In August 2013 I turned my attention to the humble potato, asking the question Is it worth growing potatoes? At that time I had been experimenting with various more exotic crops and not necessarily enjoying them – I don’t mind oca, for example, but I wouldn’t want to eat it every day. Potatoes, on the other hand guarantee me a crop I like, but since they are easy and relatively cheap to buy, I wondered whether it was really worth bothering. The resounding answer was ‘yes’ – apart from avoiding all the associated pesticides and transportation, there is the simple joy of eating delicious, freshly harvested potatoes and knowing exactly where they have been.



Charlotte’s books

No celebration of this blog would be complete without mentioning the all-time most-visited post. It still gets dozens of views every month and it originally appeared in May 2014. Why is it so popular? Well, I didn’t write it! It is the post that contains the full text of a poem entitled Just in Case by the late Charlotte Mitchell. My blog is, as far as I know, the only place on the net that you can find this poem and the book that it was originally published in is out of print. Don’t think, though, that I ignored copyright. In fact I contacted the author’s daughter, Candy Guard, to get permission to quote it. Hopefully one day Charlotte’s work will be republished, but until then The Snail of Happiness and second-hand bookshops are the only places to find what is probably her most famous poem (do follow the link and read it – I’m sure you will enjoy it).

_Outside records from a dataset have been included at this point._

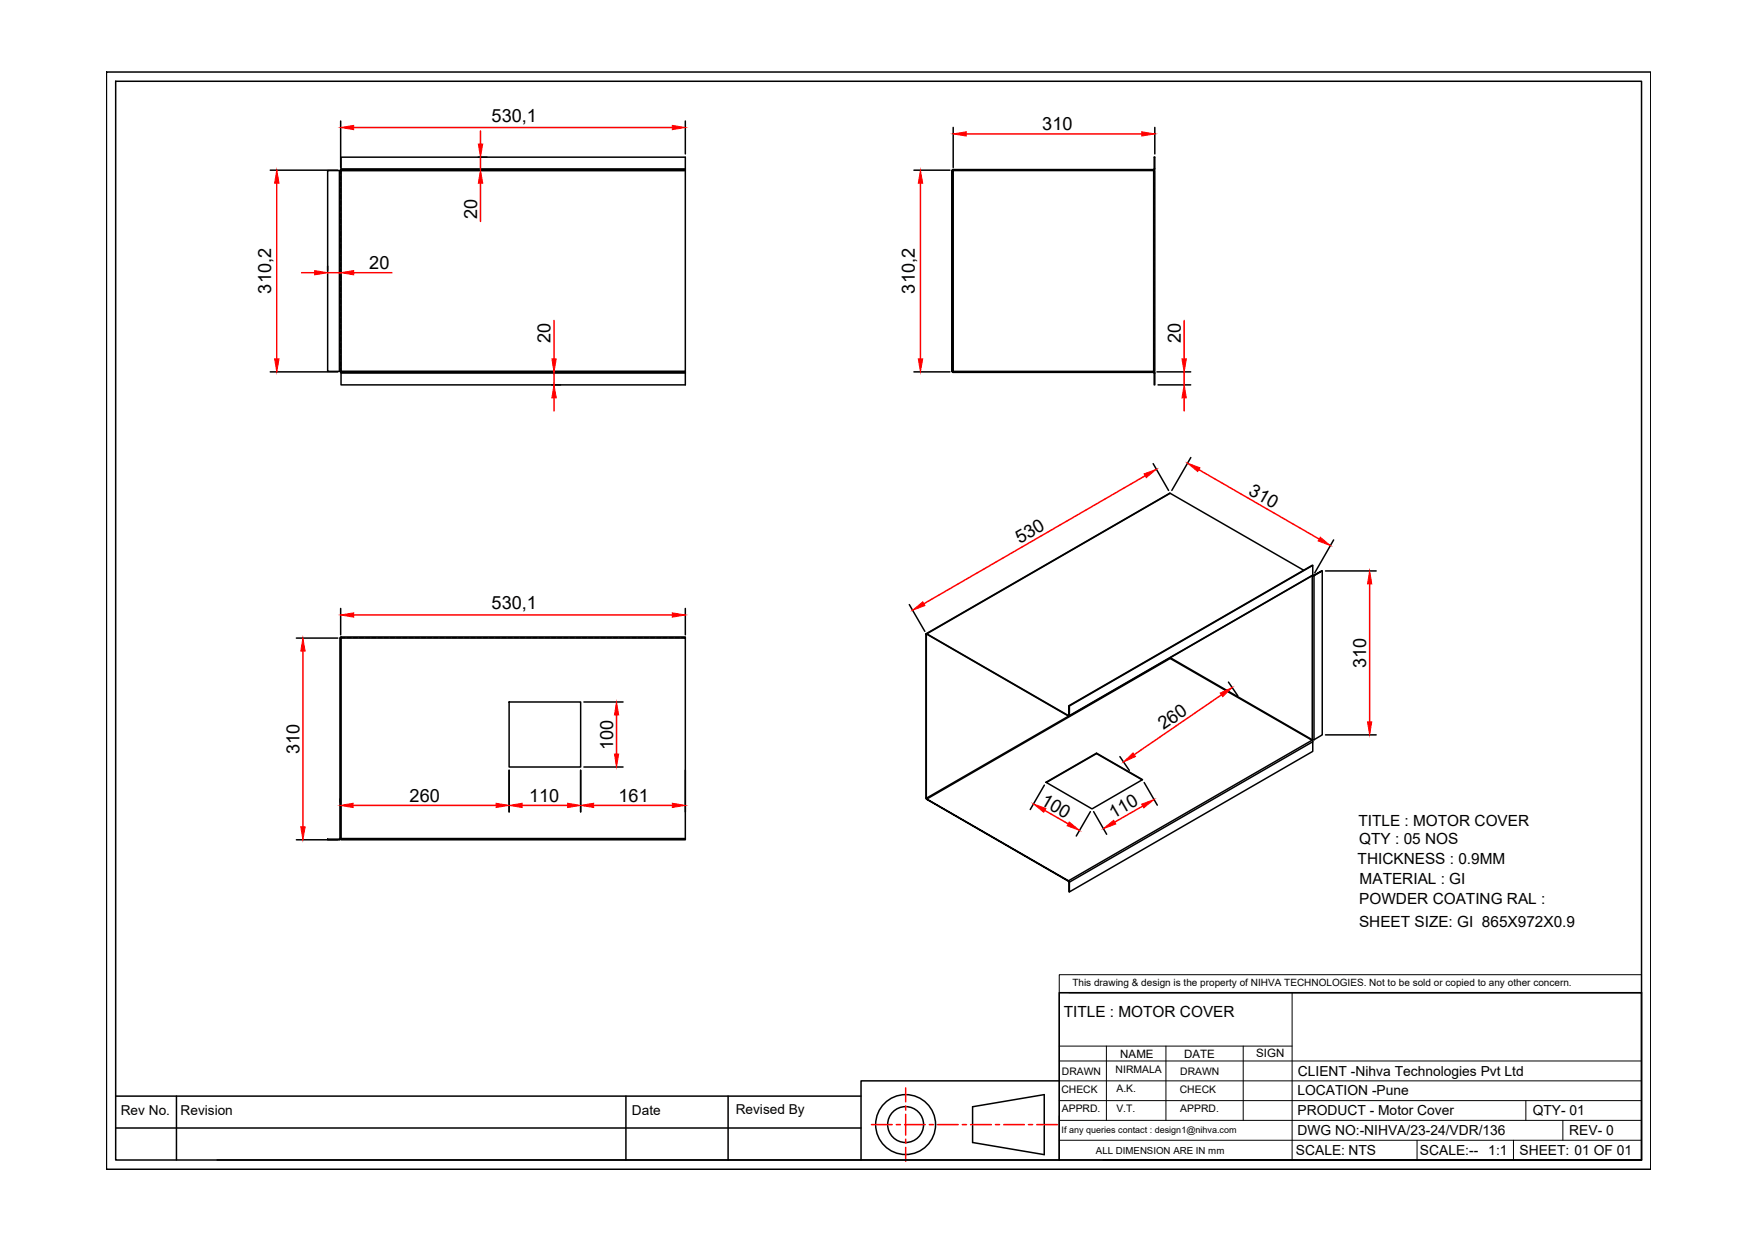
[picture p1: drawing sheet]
<svg xmlns="http://www.w3.org/2000/svg" width="297mm" height="210mm" viewBox="0 0 297 210" stroke-linecap="round" stroke-linejoin="round" font-family="sans-serif">
<!-- layer: 0 -->
<g fill="none" stroke="#000" stroke-width=".25">
<path d="M18 12.2h261.4v185.7h-261.4zM19.6 13.8h258.2v182.6h-258.2zM45.7 28.8h11.5M57.4 28.9h.2v34h-.2zM57.4 28.9h-1.9v34h1.9M57.6 28.9h.1zM57.7 20.5v7.8M57.7 28.7v.2zM57.7 28.6v-2h58.3v2M57.7 28.9v34.2h58.3v-.1M80.8 28.8h1.6M80.9 26.6h1.5"/>
<path d="M116 28.7v-.1h-58.3v.1h58.3v.2h-58.3M116 20.5v5.6M116 28.9v33.9M154.7 28.8h6.1M161.2 28.9h34.1v34h-34v-34zM161.3 28.8l-.1 .1M161.3 28.7l-.2 .2M161.3 28.7h34v.1h-34zM161.3 21.6v6.8M195.3 28.9h.2v34h-.2M195.3 28.6v.1M195.3 26.6h.2v2h-.2z"/>
<path d="M195.5 28.6l-.2 .2M195.5 21.6v4.5M55.5 45.1v.7M57.7 46.7v.6M45.7 62.9h11.5M57.6 62.9l.1-.1zM57.7 63.1v2.1h58.3v-2.1M57.7 62.8h58.3v.2h-58.3zM93.4 65.2h1.5M93.5 62.9h1.4M154.7 62.9h6.1M161.1 62.8v-33.9h.1v33.9"/>
<path d="M161.1 62.8h.1M161.1 62.8l.2 .2M161.2 62.8l.1 .1h-.1M161.2 62.8l.1 .1M161.3 62.9h34v.1h-34zM195.2 78.5l2.6 4.5M195.3 62.9l.2 .2M195.3 63v.1M195.3 63.1v2.1h.2v-2.1M195.3 63.1h.2M195.8 62.9h5.7M196 65.2h5.5"/>
<path d="M201.5 77.4l-3.2 5.6M198.1 83.5l-41.3 23.8M220.6 96.5l-22.5-13-41.2 23.8 24 13.8M222.1 97.5v27.7M222.1 97.4l-41.1 23.8M222.2 97.4h.1M222.2 97.3l-.1 .1M222.2 95.7l-41.3 23.8M222.3 97.4l1.5-.8-1.4 .9M222.3 97.4l.1 .1M222.4 97.5h-.3M222.4 97.5v27.7"/>
<path d="M223.8 96.6v27.8l-1.4 .8M224.3 96.6h8.6M225.7 91.4l-3.2 5.6M50.2 108h7M57.6 108h.1v33.9h-.1zM57.7 103v4.5M57.7 108v-.2h58.3v.2M57.7 107.8l-.1 .2M57.7 107.9v.1M86.2 118.8h12.1v11h-12.1zM98.8 118.8h6.7M116 103v4.5"/>
<path d="M153.9 102.3l2.6 4.6M156.8 107.4v27.7l24.1-13.9M156.8 107.4v27.7M156.8 107.4h.1M156.9 107.3l-.2 .1M156.9 107.3l23.9 13.9v-.1M180.9 119.5l.1 1.6zM181 119.5l41.2-23.8v1.6l-41.2 23.8M198 111.4l.1 .1M198.1 111.3v.1M198.1 111.3l24 13.9M207.9 115.5l1.6 2.3"/>
<path d="M57.6 135.2v.6M86.2 130.4v7M98.3 130.4v7M98.8 129.8h6.7M116 130.4v7M156.7 135.1l.2 .2M156.8 135.1l.1 .2M156.9 135.3l23.9 13.9zM176.8 132.9l-2.4 4.1M177 132.4l8.6-4.9 7.8 4.5-8.6 4.9zM180.9 121.1h-.1M181 121.1l-.2 .1"/>
<path d="M184.6 137.4l-2.4 4.1M185.1 137.4l2.2 3.8M185.6 127.5l-8.5 5M185.6 127.6l7.7 4.4M189.5 128.1l1.6 2.3M193.7 132.5l2.2 3.8M222 125.3l.2 .2M222.1 125.3l-24-13.8-41.2 23.8M222.1 125.3l-41.3 23.8M222.1 125.2h.3M222.2 125.6v1.6l-41.2 23.8v-1.7M222.2 125.6l-41.2 23.7"/>
<path d="M224.3 124.4h8.6M50.2 142.2h7M55.5 142h1.9v.2h-1.9zM57.5 141.9l-.1 .1M57.6 141.9l-.2 .2M57.7 141.9v-33.9h58.3v33.9M116 141.9v.3h-58.3v-.2h58.3M116 141.9h-58.3v.1M180.8 149.1l.2 .2M180.8 149.2l.1 .1M180.9 149.3l.1 1.7M180.9 149.3h.1"/>
<path d="M179.3 168h98.5v28.4h-98.5zM19.6 190.9h126.1M19.6 185.5h126.1M29.9 185.5v10.9M105.9 185.5v10.9M123.2 185.5v10.9M145.7 196.4h33.6M164.6 187.3l12.1-2v10.2l-12.1-2.1zM179.3 183h-33.6v13.4h-109M186.7 196.4h91.1"/>
<circle cx="153.3" cy="190.4" r="5.1"/>
<circle cx="153.3" cy="190.4" r="3"/>
</g>
<g fill="none" stroke="#000" stroke-width=".19">
<path d="M57.7 28.9v.5M57.7 29.8v.7M57.7 30.8v.7M57.7 31.9v.7M57.7 32.9v.7M57.7 34v.7M57.7 35v.7M57.7 36.1v.7M57.7 37.1v.7M57.7 38.2v.7M57.7 39.2v.7M57.7 28.8h.7"/>
<path d="M58.7 28.8h.7M59.8 28.8h.7M60.8 28.8h.7M61.9 28.8h.7M62.9 28.8h.7M64 28.8h.7M65 28.8h.7M66.1 28.8h.7M67.1 28.8h.7M68.2 28.8h.7M69.2 28.8h.7M70.3 28.8h.7"/>
<path d="M71.3 28.8h.7M72.4 28.8h.7M73.4 28.8h.7M74.5 28.8h.7M75.5 28.8h.7M76.6 28.8h.7M77.6 28.8h.7M78.7 28.8h.7M79.7 28.8h.7M80.8 28.8h.6M81.8 28.8h.7M82.8 28.8h.7"/>
<path d="M83.9 28.8h.7M84.9 28.8h.7M86 28.8h.7M87 28.8h.7M88.1 28.8h.7M89.1 28.8h.7M90.2 28.8h.7M91.2 28.8h.7M92.3 28.8h.7M93.3 28.8h.7M94.4 28.8h.7M95.4 28.8h.7"/>
<path d="M96.5 28.8h.7M97.5 28.8h.7M98.6 28.8h.7M99.6 28.8h.7M100.7 28.8h.7M101.7 28.8h.7M102.8 28.8h.7M103.8 28.8h.7M104.9 28.8h.7M105.9 28.8h.7M107 28.8h.7M108 28.8h.7"/>
<path d="M109.1 28.8h.6M110.1 28.8h.7M111.1 28.8h.7M112.2 28.8h.7M113.2 28.8h.7M114.3 28.8h.7M115.3 28.8h.7M161.1 28.9h.1M195.3 28.9v.5M195.3 29.8v.7M195.3 30.8v.7M195.3 31.9v.7"/>
<path d="M195.3 32.9v.7M195.3 34v.7M195.3 35v.7M195.3 36.1v.7M195.3 37.1v.7M195.3 38.2v.7M195.3 39.2v.7M57.7 40.3v.7M57.7 41.3v.7M57.7 42.4v.7M57.7 43.4v.7M57.7 44.5v.7"/>
<path d="M57.7 45.5v.7M57.7 46.6v.7M57.7 47.6v.7M57.7 48.7v.7M57.7 49.7v.7M57.7 50.8v.7M57.7 51.8v.7M57.7 52.9v.7M57.7 53.9v.7M57.7 54.9v.7M57.7 56v.7M57.7 57v.7"/>
<path d="M57.7 58.1v.7M57.7 59.1v.7M195.3 40.3v.7M195.3 41.3v.7M195.3 42.4v.7M195.3 43.4v.7M195.3 44.5v.7M195.3 45.5v.7M195.3 46.6v.7M195.3 47.6v.7M195.3 48.7v.7M195.3 49.7v.7"/>
<path d="M195.3 50.8v.7M195.3 51.8v.7M195.3 52.9v.7M195.3 53.9v.7M195.3 54.9v.7M195.3 56v.7M195.3 57v.7M195.3 58.1v.7M195.3 59.1v.7M57.7 60.2v.7M57.7 61.3v.7M57.7 62.3v.6"/>
<path d="M57.7 62.9h.7M58.7 62.9h.7M59.8 62.9h.7M60.8 62.9h.7M61.9 62.9h.7M62.9 62.9h.7M64 62.9h.7M65 62.9h.7M66.1 62.9h.7M67.1 62.9h.7M68.2 62.9h.7M69.2 62.9h.7"/>
<path d="M70.3 62.9h.7M71.3 62.9h.7M72.4 62.9h.7M73.4 62.9h.7M74.5 62.9h.7M75.5 62.9h.7M76.6 62.9h.7M77.6 62.9h.7M78.7 62.9h.7M79.7 62.9h.7M80.8 62.9h.6M81.8 62.9h.7"/>
<path d="M82.8 62.9h.7M83.9 62.9h.7M84.9 62.9h.7M86 62.9h.7M86.2 62.9v.1M87 62.9h.7M88.1 62.9h.7M89.1 62.9h.7M90.2 62.9h.7M91.2 62.9h.7M92.3 62.9h.7M93.3 62.9h.7"/>
<path d="M94.4 62.9h.7M95.4 62.9h.7M96.5 62.9h.7M97.5 62.9h.7M98.3 62.9v.1M98.6 62.9h.7M99.6 62.9h.7M100.7 62.9h.7M101.7 62.9h.7M102.8 62.9h.7M103.8 62.9h.7M104.9 62.9h.7"/>
<path d="M105.9 62.9h.7M107 62.9h.7M108 62.9h.7M109.1 62.9h.6M110.1 62.9h.7M111.1 62.9h.7M112.2 62.9h.7M113.2 62.9h.7M114.3 62.9h.7M115.3 62.9h.7M161.1 62.8l.1 .1M172.1 62.9v.1"/>
<path d="M183.2 62.9v.1M195.3 60.2v.7M195.3 61.3v.7M195.3 62.3v.6M57.7 107.8v.2M57.7 107.9h.7M58.7 107.9h.7M59.8 107.9h.7M60.8 107.9h.7M61.9 107.9h.7M62.9 107.9h.7M64 107.9h.7"/>
<path d="M65 107.9h.7M66.1 107.9h.7M67.1 107.9h.7M68.2 107.9h.7M69.2 107.9h.7M70.3 107.9h.7M71.3 107.9h.7M72.4 107.9h.7M73.4 107.9h.7M74.5 107.9h.7M75.5 107.9h.7M76.6 107.9h.7"/>
<path d="M77.6 107.9h.7M78.7 107.9h.7M79.7 107.9h.7M80.8 107.9h.6M81.8 107.9h.7M82.8 107.9h.7M83.9 107.9h.7M85 107.9h.7M86 107.9h.7M87.1 107.9h.7M88.1 107.9h.7M89.2 107.9h.7"/>
<path d="M90.2 107.9h.7M91.2 107.9h.7M92.3 107.9h.7M93.3 107.9h.7M94.4 107.9h.7M95.4 107.9h.7M96.5 107.9h.7M97.5 107.9h.7M98.6 107.9h.7M99.6 107.9h.7M100.7 107.9h.7M101.7 107.9h.7"/>
<path d="M102.8 107.9h.7M103.8 107.9h.7M104.9 107.9h.7M105.9 107.9h.7M107 107.9h.7M108 107.9h.7M109.1 107.9h.7M110.1 107.9h.7M111.2 107.9h.7M112.2 107.9h.7M113.3 107.9h.7M114.3 107.9h.7"/>
<path d="M115.4 107.9h.6"/>
</g>
<g fill="none" stroke="#000" stroke-width=".17">
<path d="M179.3 165h98.5v3h-98.5zM179.3 179.6h98.5M179.3 168v28.4M179.3 177.1h39.4M181 168h96.8M187.3 177.1v12.6M197.3 177.1v12.6M210.4 177.1v12.6M218.7 168v28.4M179.3 189.7h98.5M179.3 186.3h98.5M179.3 183h98.5"/>
<path d="M179.3 193h98.5M239.8 193v3.4M256.2 193v3.4M258.3 186.3v3.4M264.5 189.7v3.3"/>
</g>
<g fill="none" stroke="#f00" stroke-width=".25">
<path d="M46.8 31v29.7M59.9 21.6h53.9M81.3 22.2v2.2M81.3 26.6v2.2M81.3 31v6.5M155.8 31v29.7M163.5 22.7h29.8M51.1 46.2h2.2M55.5 46.2h2.2M59.9 46.2h6.4M93.8 54.3v6.4M200.4 54.3v6.4"/>
<path d="M93.8 62.9v2.3M93.8 67.4v2.2M200.4 62.9v2.3M200.4 67.4v2.2M202.9 79.5l20.4 11.7M193.8 80.5l-37.4 21.7M231.8 98.8v23.4M51.3 110.2v29.8M59.9 104.1h53.9M206.7 117.6l-14.7 10.1M59.8 136.3h24.2M88.4 136.3h7.7"/>
<path d="M100.5 136.3h13.3M104.4 121v6.6M176.8 137.2l4 2.3M193.4 136.4l-4.7 2.8M147.5 190.4h3.5M151.7 190.4h.7M153.1 190.4h3.5M153.3 184.2v2.3M153.3 187.2v.7M153.3 188.6v3.5M153.3 192.8v.7M153.3 194.2v2.4"/>
<path d="M157.3 190.4h.7M158.7 190.4h3.5M162.9 190.4h.7M164.3 190.4h3.5M168.5 190.4h.7M169.9 190.4h3.5M174.1 190.4h.7M175.5 190.4h3.5"/>
</g>
<g fill="#f00" stroke="#f00" stroke-width=".17">
<path d="M57.7 21.6l2.2-.4v.7z"/>
<path d="M113.8 21.2l2.2 .4-2.2 .3z"/>
<path d="M46.8 28.8l.4 2.2h-.7z"/>
<path d="M46.5 60.7h.7l-.4 2.2z"/>
<path d="M161.3 22.7l2.2-.4v.7z"/>
<path d="M193.3 22.3l2.2 .4-2.2 .3z"/>
<path d="M155.8 28.8l.4 2.2h-.8z"/>
<path d="M155.4 60.7h.8l-.4 2.2z"/>
<path d="M57.7 104.1l2.2-.4v.8z"/>
<path d="M113.8 103.7l2.2 .4-2.2 .4z"/>
<path d="M51.3 108l.3 2.2h-.7z"/>
<path d="M50.9 140h.7l-.3 2.2z"/>
<path d="M93.8 65.2l.3 2.2h-.7z"/>
<path d="M93.4 60.7h.7l-.3 2.2z"/>
<path d="M154.5 103.3l1.7-1.4 .3 .6z"/>
<path d="M193.6 80.2l2.1-.8-1.7 1.5z"/>
<path d="M201 78.4l2.1 .8-.4 .6z"/>
<path d="M223.5 90.9l1.7 1.5-2.1-.8z"/>
<path d="M231.5 122.2h.7l-.4 2.2z"/>
<path d="M231.8 96.6l.4 2.2h-.7z"/>
<path d="M98.3 136.3l2.2-.3v.7z"/>
<path d="M113.8 136l2.2 .3-2.2 .4z"/>
<path d="M96.1 136l2.2 .3-2.2 .4z"/>
<path d="M86.2 136.3l2.2-.3v.7z"/>
<path d="M84 136l2.2 .3-2.2 .4z"/>
<path d="M57.6 136.3l2.2-.3v.7z"/>
<path d="M104 127.6h.7l-.3 2.2z"/>
<path d="M104.4 118.8l.3 2.2h-.7z"/>
<path d="M190.2 129l1.6-1.6 .4 .7z"/>
<path d="M206.5 117.3l2.1-.9-1.7 1.5z"/>
<path d="M193.2 136.1l2.1-.8-1.7 1.5z"/>
<path d="M186.8 140.3l1.7-1.4 .3 .6z"/>
<path d="M174.9 136.1l2.1 .8-.3 .6z"/>
<path d="M181 139.1l1.7 1.5-2.1-.8z"/>
<path d="M53.3 45.8l2.2 .4-2.2 .3z"/>
<path d="M57.7 46.2l2.2-.4v.7z"/>
<path d="M81 24.4h.7l-.4 2.2z"/>
<path d="M81.3 28.8l.4 2.2h-.7z"/>
<path d="M200.4 65.2l.4 2.2h-.8z"/>
<path d="M200 60.7h.8l-.4 2.2z"/>
</g>
<g font-size="3.1">
<text x="83.2" y="20.6">530,1</text>
<text x="176.4" y="22.1">310</text>
<text x="80.8" y="37" transform="rotate(-90 80.8 37)">20</text>
<text x="62.5" y="45.6">20</text>
<text x="45.9" y="49.7" transform="rotate(-90 45.9 49.7)">310,2</text>
<text x="154.8" y="49.7" transform="rotate(-90 154.8 49.7)">310,2</text>
<text x="93.2" y="58.1" transform="rotate(-90 93.2 58.1)">20</text>
<text x="199.8" y="58.1" transform="rotate(-90 199.8 58.1)">20</text>
<text x="211.2" y="83.6" transform="rotate(30 211.2 83.6)">310</text>
<text x="172.6" y="92.1" transform="rotate(-30 172.6 92.1)">530</text>
<text x="83.2" y="103.1">530,1</text>
<text x="231.2" y="113.1" transform="rotate(-90 231.2 113.1)">310</text>
<text x="196.9" y="123.6" transform="rotate(-35 196.9 123.6)">260</text>
<text x="50.7" y="127.6" transform="rotate(-90 50.7 127.6)">310</text>
<text x="103.8" y="127" transform="rotate(-90 103.8 127)">100</text>
<text x="69.3" y="135.7">260</text>
<text x="89.6" y="135.7">110</text>
<text x="104.7" y="135.7">161</text>
<text x="176" y="136" transform="rotate(30 176 136)">100</text>
<text x="188.4" y="138.6" transform="rotate(-30 188.4 138.6)">110</text>
</g>
<g font-size="2.6">
<text x="229.9" y="139.8">TITLE : MOTOR COVER</text>
<text x="230.1" y="142.9">QTY : 05 NOS</text>
<text x="229.8" y="146.3">THICKNESS : 0.9MM</text>
<text x="230.1" y="149.7">MATERIAL : GI</text>
<text x="230.1" y="153">POWDER COATING RAL :</text>
<text x="230" y="157">SHEET SIZE: GI 865X972X0.9</text>
<text x="180.1" y="172.2">TITLE : MOTOR COVER</text>
</g>
<g font-size="2.3">
<text x="219.6" y="185.4">LOCATION -Pune</text>
<text x="219.7" y="182.1">CLIENT -Nihva Technologies Pvt Ltd</text>
<text x="20.4" y="188.8">Rev No.</text>
<text x="30.6" y="188.8">Revision</text>
<text x="107" y="188.8">Date</text>
<text x="124.5" y="188.6">Revised By</text>
<text x="219.6" y="188.8">PRODUCT - Motor Cover</text>
<text x="259.4" y="188.8">QTY- 01</text>
<text x="219.4" y="195.5">SCALE: NTS</text>
<text x="219.6" y="192.2">DWG NO:-NIHVA/23-24/VDR/136</text>
<text x="240.3" y="195.5">SCALE:--</text>
<text x="251.9" y="195.5">1:1</text>
<text x="257.2" y="195.5">SHEET: 01 OF 01</text>
<text x="265.6" y="192.1">REV- 0</text>
</g>
<g font-size="2">
<text x="189.6" y="179.1">NAME</text>
<text x="200.4" y="179.1">DATE</text>
<text x="212.6" y="179">SIGN</text>
</g>
<g font-size="1.8">
<text x="179.6" y="185">CHECK</text>
<text x="179.7" y="182">DRAWN</text>
<text x="188.8" y="181.6">NIRMALA</text>
<text x="189" y="184.9">A.K.</text>
<text x="199.7" y="185">CHECK</text>
<text x="199.8" y="182">DRAWN</text>
<text x="179.7" y="188.3">APPRD.</text>
<text x="189" y="188.3">V.T.</text>
<text x="199.8" y="188.3">APPRD.</text>
</g>
<text font-size="1.7" x="181.5" y="166.9">This drawing &amp; design is the property of NIHVA TECHNOLOGIES. Not to be sold or copied to any other concern.</text>
<text font-size="1.6" x="185.5" y="195.3">ALL DIMENSION ARE IN mm</text>
<text font-size="1.5" x="179.7" y="191.8">If any queries contact : design1@nihva.com</text>
</svg>

Abundance in the limery – year 1

New readers may be a little confused about my frequent references to The Limery (it’s what we call our plant-filled conservatory). You can, however, read about its origins and the search for a suitable name here. Regular readers from the time will recall my distress at having an influx of builders, but, as you all told me, it was really worth it in the long run. Today the limery is bursting with plants and it’s hard to remember life without it!



WWKIP 2016

And finally, I have to choose a post about yarn. Perhaps that one that sums up all that is good about knitting and crochet is about what we did last year for Worldwide Knit in Public day. On the Street Where You Knit describes how I spent the day sitting outside The Make It Shop teaching folks to knit and making twiddlemuffs. I met lovely people, shared skills and made something for charity… what more could I ask for?


So, there we are, a selection of old posts that gives a flavour of what The Snail of Happiness is all about… and I managed not to mention knickers! Here’s to another five years of writing, crafting, gardening and trying to be that bit more sustainable.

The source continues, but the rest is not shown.